TASK STATEMENT: Go through the data below and copy each line that includes "radius".

THE DATA:

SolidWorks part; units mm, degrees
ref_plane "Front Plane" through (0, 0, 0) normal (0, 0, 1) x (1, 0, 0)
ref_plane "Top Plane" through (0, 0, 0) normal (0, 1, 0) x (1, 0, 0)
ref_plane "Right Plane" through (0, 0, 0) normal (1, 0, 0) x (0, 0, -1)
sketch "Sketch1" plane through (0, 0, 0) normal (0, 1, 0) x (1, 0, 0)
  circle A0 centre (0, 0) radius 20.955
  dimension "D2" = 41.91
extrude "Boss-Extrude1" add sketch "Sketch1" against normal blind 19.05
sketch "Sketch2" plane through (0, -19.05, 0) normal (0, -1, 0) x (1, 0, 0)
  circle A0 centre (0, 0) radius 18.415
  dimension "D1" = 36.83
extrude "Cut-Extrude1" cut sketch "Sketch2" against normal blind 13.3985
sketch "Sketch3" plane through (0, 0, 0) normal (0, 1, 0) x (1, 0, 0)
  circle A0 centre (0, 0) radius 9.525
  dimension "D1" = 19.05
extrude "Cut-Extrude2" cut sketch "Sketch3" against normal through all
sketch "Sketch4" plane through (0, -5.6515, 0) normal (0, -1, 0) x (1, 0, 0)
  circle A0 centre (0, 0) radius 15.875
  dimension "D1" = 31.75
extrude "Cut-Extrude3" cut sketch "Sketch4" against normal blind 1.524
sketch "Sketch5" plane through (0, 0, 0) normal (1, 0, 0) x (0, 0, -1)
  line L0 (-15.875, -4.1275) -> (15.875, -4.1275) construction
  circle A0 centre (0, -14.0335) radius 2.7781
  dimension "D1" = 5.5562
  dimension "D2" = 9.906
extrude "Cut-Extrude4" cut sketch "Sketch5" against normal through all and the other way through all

REPLY:
  circle A0 centre (0, 0) radius 20.955
  circle A0 centre (0, 0) radius 18.415
  circle A0 centre (0, 0) radius 9.525
  circle A0 centre (0, 0) radius 15.875
  circle A0 centre (0, -14.0335) radius 2.7781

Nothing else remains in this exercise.